Stable-Layers: VLMスコアリング強化学習による画像レイヤー分解モデルのファインチューニング

要旨

我々はStable-Layersを提案する。これは、ペア型教師データを必要とせず、事前学習済みのレイヤ分解モデルを、視覚言語モデル（VLM）からのフィードバックのみを用いて微調整する強化学習フレームワークである。Qwen-Image-Layeredを出発点とし、Flow-GRPOにLoRA適応を適用し、画像ごとに複数の候補分解結果をサンプリングし、VLMでスコアリングし、グループ相対優位度に基づいてポリシーを最適化する。主要な課題は信頼性の高い報酬信号の設計にある。すなわち、VLMが個別のサンプルを単独でスコアリングすると、その判断が狭い範囲に圧縮される傾向があり、GRPOが学習に利用できるグループ内分散が小さくなる。この問題に対して我々は、5つの編集中心の評価基準にわたる構造化されたサンプル単位のスコアリングと、VLMがすべての候補を並べて再スコアリングするグリッドベースの較正ステップを組み合わせた2段階評価パイプラインを導入する。Stable-Layersは、ベースモデルと比較して、Crelloデータセットにおいて、より強いレイヤ分離、ブランクやアーティファクトの多いレイヤの減少、およびレイヤごとの再構成誤差の低減を実現する。

English

We present Stable-Layers, a reinforcement learning framework that eliminates the need for paired supervision by fine-tuning a pretrained layer decomposition model using only feedback from a vision-language model (VLM). Starting from Qwen-Image-Layered, we apply Flow-GRPO with LoRA adaptation, sampling multiple candidate decompositions per image, scoring them with a VLM, and optimising the policy from group-relative advantages.

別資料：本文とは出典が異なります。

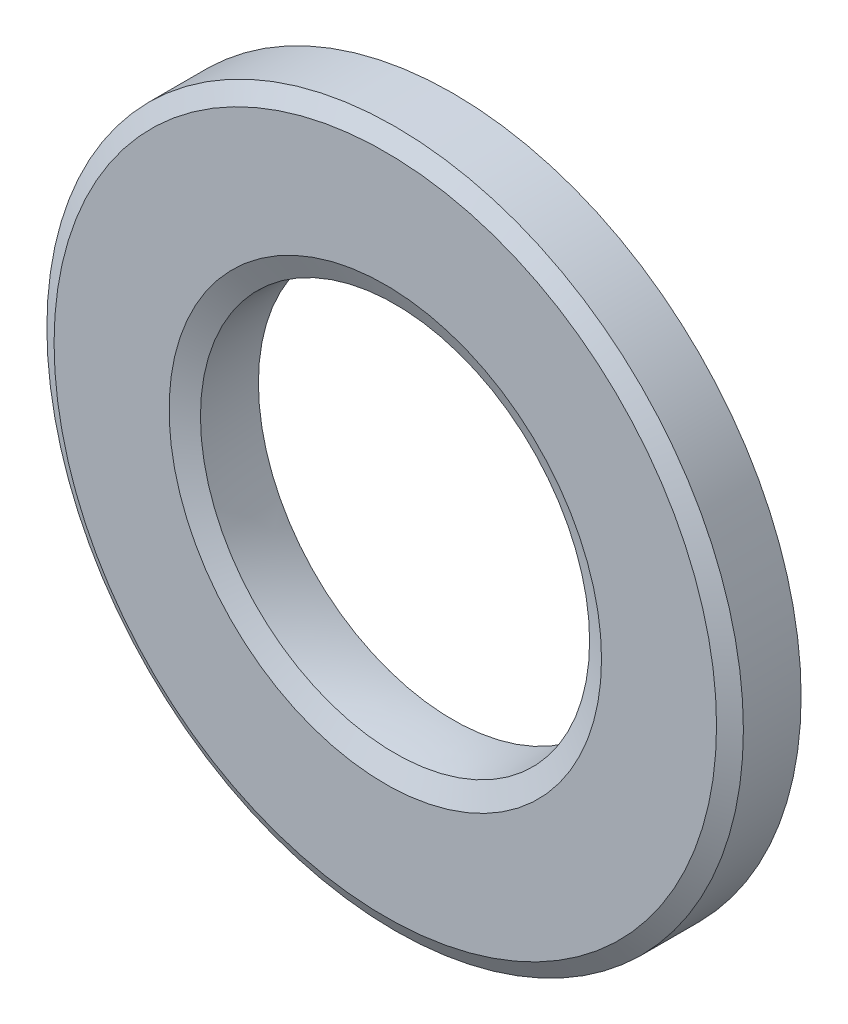
ISO-10303-21;
HEADER;
FILE_DESCRIPTION(('STEP AP214'),'2;1');
FILE_NAME('part.step','',(''),(''),'','','');
FILE_SCHEMA(('AUTOMOTIVE_DESIGN { 1 0 10303 214 1 1 1 1 }'));
ENDSEC;
DATA;
#1=APPLICATION_CONTEXT('core data for automotive mechanical design processes');
#2=APPLICATION_PROTOCOL_DEFINITION('international standard','automotive_design',2000,#1);
#3=PRODUCT_CONTEXT('',#1,'mechanical');
#4=PRODUCT('Part','Part','',(#3));
#5=PRODUCT_RELATED_PRODUCT_CATEGORY('part','',(#4));
#6=PRODUCT_DEFINITION_FORMATION('','',#4);
#7=PRODUCT_DEFINITION_CONTEXT('part definition',#1,'design');
#8=PRODUCT_DEFINITION('design','',#6,#7);
#9=PRODUCT_DEFINITION_SHAPE('','',#8);
#10=(LENGTH_UNIT() NAMED_UNIT(*) SI_UNIT(.MILLI.,.METRE.));
#11=(NAMED_UNIT(*) PLANE_ANGLE_UNIT() SI_UNIT($,.RADIAN.));
#12=(NAMED_UNIT(*) SI_UNIT($,.STERADIAN.) SOLID_ANGLE_UNIT());
#13=UNCERTAINTY_MEASURE_WITH_UNIT(LENGTH_MEASURE(1.E-05),#10,'distance_accuracy_value','');
#14=(GEOMETRIC_REPRESENTATION_CONTEXT(3) GLOBAL_UNCERTAINTY_ASSIGNED_CONTEXT((#13)) GLOBAL_UNIT_ASSIGNED_CONTEXT((#10,
#11,#12)) REPRESENTATION_CONTEXT('',''));
#15=CARTESIAN_POINT('',(0.,0.,0.));
#16=DIRECTION('',(0.,0.,1.));
#17=DIRECTION('',(1.,0.,0.));
#18=AXIS2_PLACEMENT_3D('',#15,#16,#17);
#19=CARTESIAN_POINT('',(0.,0.,0.999999999999996));
#20=DIRECTION('',(0.,0.,1.));
#21=DIRECTION('',(1.,0.,0.));
#22=AXIS2_PLACEMENT_3D('',#19,#20,#21);
#23=PLANE('',#22);
#24=CARTESIAN_POINT('',(0.,0.,0.999999999999996));
#25=DIRECTION('',(0.,0.,1.));
#26=DIRECTION('',(1.,0.,0.));
#27=AXIS2_PLACEMENT_3D('',#24,#25,#26);
#28=CIRCLE('',#27,5.58775294173801);
#29=CARTESIAN_POINT('',(5.58775294173801,0.,0.999999999999996));
#30=VERTEX_POINT('',#29);
#31=EDGE_CURVE('E10',#30,#30,#28,.F.);
#32=ORIENTED_EDGE('',*,*,#31,.T.);
#33=EDGE_LOOP('',(#32));
#34=FACE_BOUND('',#33,.T.);
#35=CARTESIAN_POINT('',(0.,0.,0.999999999999996));
#36=DIRECTION('',(0.,0.,1.));
#37=DIRECTION('',(1.,0.,0.));
#38=AXIS2_PLACEMENT_3D('',#35,#36,#37);
#39=CIRCLE('',#38,8.56005909487751);
#40=CARTESIAN_POINT('',(8.56005909487751,0.,0.999999999999996));
#41=VERTEX_POINT('',#40);
#42=EDGE_CURVE('E52',#41,#41,#39,.T.);
#43=ORIENTED_EDGE('',*,*,#42,.T.);
#44=EDGE_LOOP('',(#43));
#45=FACE_BOUND('',#44,.T.);
#46=ADVANCED_FACE('F32',(#34,#45),#23,.T.);
#47=CARTESIAN_POINT('',(0.,0.,0.999999999999996));
#48=DIRECTION('',(0.,0.,-1.));
#49=DIRECTION('',(-1.,0.,0.));
#50=AXIS2_PLACEMENT_3D('',#47,#48,#49);
#51=CYLINDRICAL_SURFACE('',#50,9.);
#52=CARTESIAN_POINT('',(0.,0.,-0.745999999999999));
#53=DIRECTION('',(0.,0.,1.));
#54=DIRECTION('',(1.,0.,0.));
#55=AXIS2_PLACEMENT_3D('',#52,#53,#54);
#56=CIRCLE('',#55,9.);
#57=CARTESIAN_POINT('',(9.,0.,-0.745999999999999));
#58=VERTEX_POINT('',#57);
#59=EDGE_CURVE('E58',#58,#58,#56,.T.);
#60=ORIENTED_EDGE('',*,*,#59,.T.);
#61=EDGE_LOOP('',(#60));
#62=FACE_BOUND('',#61,.T.);
#63=CARTESIAN_POINT('',(0.,0.,0.745999999999993));
#64=DIRECTION('',(0.,0.,1.));
#65=DIRECTION('',(1.,0.,0.));
#66=AXIS2_PLACEMENT_3D('',#63,#64,#65);
#67=CIRCLE('',#66,9.);
#68=CARTESIAN_POINT('',(9.,0.,0.745999999999993));
#69=VERTEX_POINT('',#68);
#70=EDGE_CURVE('E61',#69,#69,#67,.F.);
#71=ORIENTED_EDGE('',*,*,#70,.T.);
#72=EDGE_LOOP('',(#71));
#73=FACE_BOUND('',#72,.T.);
#74=ADVANCED_FACE('F65',(#62,#73),#51,.T.);
#75=CARTESIAN_POINT('',(0.,0.,-1.));
#76=DIRECTION('',(0.,0.,1.));
#77=DIRECTION('',(1.,0.,0.));
#78=AXIS2_PLACEMENT_3D('',#75,#76,#77);
#79=PLANE('',#78);
#80=CARTESIAN_POINT('',(0.,0.,-1.));
#81=DIRECTION('',(0.,0.,1.));
#82=DIRECTION('',(1.,0.,0.));
#83=AXIS2_PLACEMENT_3D('',#80,#81,#82);
#84=CIRCLE('',#83,5.58775294173802);
#85=CARTESIAN_POINT('',(5.58775294173802,0.,-1.));
#86=VERTEX_POINT('',#85);
#87=EDGE_CURVE('E47',#86,#86,#84,.T.);
#88=ORIENTED_EDGE('',*,*,#87,.T.);
#89=EDGE_LOOP('',(#88));
#90=FACE_BOUND('',#89,.T.);
#91=CARTESIAN_POINT('',(0.,0.,-1.));
#92=DIRECTION('',(0.,0.,1.));
#93=DIRECTION('',(1.,0.,0.));
#94=AXIS2_PLACEMENT_3D('',#91,#92,#93);
#95=CIRCLE('',#94,8.5600590948775);
#96=CARTESIAN_POINT('',(8.5600590948775,0.,-1.));
#97=VERTEX_POINT('',#96);
#98=EDGE_CURVE('E55',#97,#97,#95,.F.);
#99=ORIENTED_EDGE('',*,*,#98,.T.);
#100=EDGE_LOOP('',(#99));
#101=FACE_BOUND('',#100,.T.);
#102=ADVANCED_FACE('F80',(#90,#101),#79,.F.);
#103=CARTESIAN_POINT('',(0.,0.,-0.745999999999999));
#104=DIRECTION('',(0.,0.,1.));
#105=DIRECTION('',(1.,0.,0.));
#106=AXIS2_PLACEMENT_3D('',#103,#104,#105);
#107=CONICAL_SURFACE('',#106,9.,1.04719755119659);
#108=ORIENTED_EDGE('',*,*,#98,.F.);
#109=EDGE_LOOP('',(#108));
#110=FACE_BOUND('',#109,.T.);
#111=ORIENTED_EDGE('',*,*,#59,.F.);
#112=EDGE_LOOP('',(#111));
#113=FACE_BOUND('',#112,.T.);
#114=ADVANCED_FACE('F71',(#110,#113),#107,.T.);
#115=CARTESIAN_POINT('',(0.,0.,0.999999999999996));
#116=DIRECTION('',(0.,0.,-1.));
#117=DIRECTION('',(-1.,0.,0.));
#118=AXIS2_PLACEMENT_3D('',#115,#116,#117);
#119=CONICAL_SURFACE('',#118,8.56005909487751,1.04719755119659);
#120=ORIENTED_EDGE('',*,*,#70,.F.);
#121=EDGE_LOOP('',(#120));
#122=FACE_BOUND('',#121,.T.);
#123=ORIENTED_EDGE('',*,*,#42,.F.);
#124=EDGE_LOOP('',(#123));
#125=FACE_BOUND('',#124,.T.);
#126=ADVANCED_FACE('F67',(#122,#125),#119,.T.);
#127=CARTESIAN_POINT('',(0.,0.,0.));
#128=DIRECTION('',(0.,0.,1.));
#129=DIRECTION('',(0.,-1.,0.));
#130=AXIS2_PLACEMENT_3D('',#127,#128,#129);
#131=TOROIDAL_SURFACE('',#130,14.8679196850393,9.86791968503927);
#132=CARTESIAN_POINT('',(0.,0.,-0.748831629141166));
#133=DIRECTION('',(0.,0.,1.));
#134=DIRECTION('',(1.,0.,0.));
#135=AXIS2_PLACEMENT_3D('',#132,#133,#134);
#136=CIRCLE('',#135,5.02845373908553);
#137=CARTESIAN_POINT('',(5.02845373908553,0.,-0.748831629141166));
#138=VERTEX_POINT('',#137);
#139=EDGE_CURVE('E39',#138,#138,#136,.F.);
#140=ORIENTED_EDGE('',*,*,#139,.T.);
#141=EDGE_LOOP('',(#140));
#142=FACE_BOUND('',#141,.T.);
#143=CARTESIAN_POINT('',(0.,0.,0.748831629141162));
#144=DIRECTION('',(0.,0.,-1.));
#145=DIRECTION('',(-1.,0.,0.));
#146=AXIS2_PLACEMENT_3D('',#143,#144,#145);
#147=CIRCLE('',#146,5.02845373908553);
#148=CARTESIAN_POINT('',(-5.02845373908553,0.,0.748831629141162));
#149=VERTEX_POINT('',#148);
#150=EDGE_CURVE('E43',#149,#149,#147,.F.);
#151=ORIENTED_EDGE('',*,*,#150,.T.);
#152=EDGE_LOOP('',(#151));
#153=FACE_BOUND('',#152,.T.);
#154=ADVANCED_FACE('F70',(#142,#153),#131,.T.);
#155=CARTESIAN_POINT('',(0.,0.,-1.));
#156=DIRECTION('',(0.,0.,-1.));
#157=DIRECTION('',(-1.,0.,0.));
#158=AXIS2_PLACEMENT_3D('',#155,#156,#157);
#159=CONICAL_SURFACE('',#158,5.58775294173802,1.14871028859815);
#160=ORIENTED_EDGE('',*,*,#139,.F.);
#161=EDGE_LOOP('',(#160));
#162=FACE_BOUND('',#161,.T.);
#163=ORIENTED_EDGE('',*,*,#87,.F.);
#164=EDGE_LOOP('',(#163));
#165=FACE_BOUND('',#164,.T.);
#166=ADVANCED_FACE('F88',(#162,#165),#159,.F.);
#167=CARTESIAN_POINT('',(0.,0.,0.748831629141161));
#168=DIRECTION('',(0.,0.,1.));
#169=DIRECTION('',(1.,0.,0.));
#170=AXIS2_PLACEMENT_3D('',#167,#168,#169);
#171=CONICAL_SURFACE('',#170,5.02845373908553,1.14871028859814);
#172=ORIENTED_EDGE('',*,*,#31,.F.);
#173=EDGE_LOOP('',(#172));
#174=FACE_BOUND('',#173,.T.);
#175=ORIENTED_EDGE('',*,*,#150,.F.);
#176=EDGE_LOOP('',(#175));
#177=FACE_BOUND('',#176,.T.);
#178=ADVANCED_FACE('F34',(#174,#177),#171,.F.);
#179=CLOSED_SHELL('',(#46,#74,#102,#114,#126,#154,#166,#178));
#180=MANIFOLD_SOLID_BREP('B2',#179);
#181=ADVANCED_BREP_SHAPE_REPRESENTATION('',(#18,#180),#14);
#182=SHAPE_DEFINITION_REPRESENTATION(#9,#181);
ENDSEC;
END-ISO-10303-21;

The key challenge lies in designing a reliable reward signal: VLMs scoring samples in isolation tend to compress their judgements into a narrow band, leaving GRPO with little within-group variance to learn from. We address this with a two-stage evaluation pipeline that pairs structured per-sample scoring across five edit-centric criteria with a grid-based calibration step in which the VLM re-scores all candidates side-by-side. Stable-Layers produces decompositions with stronger layer separation, fewer blank or artifact-heavy layers, and lower per-layer reconstruction error on the Crello dataset compared to the base model.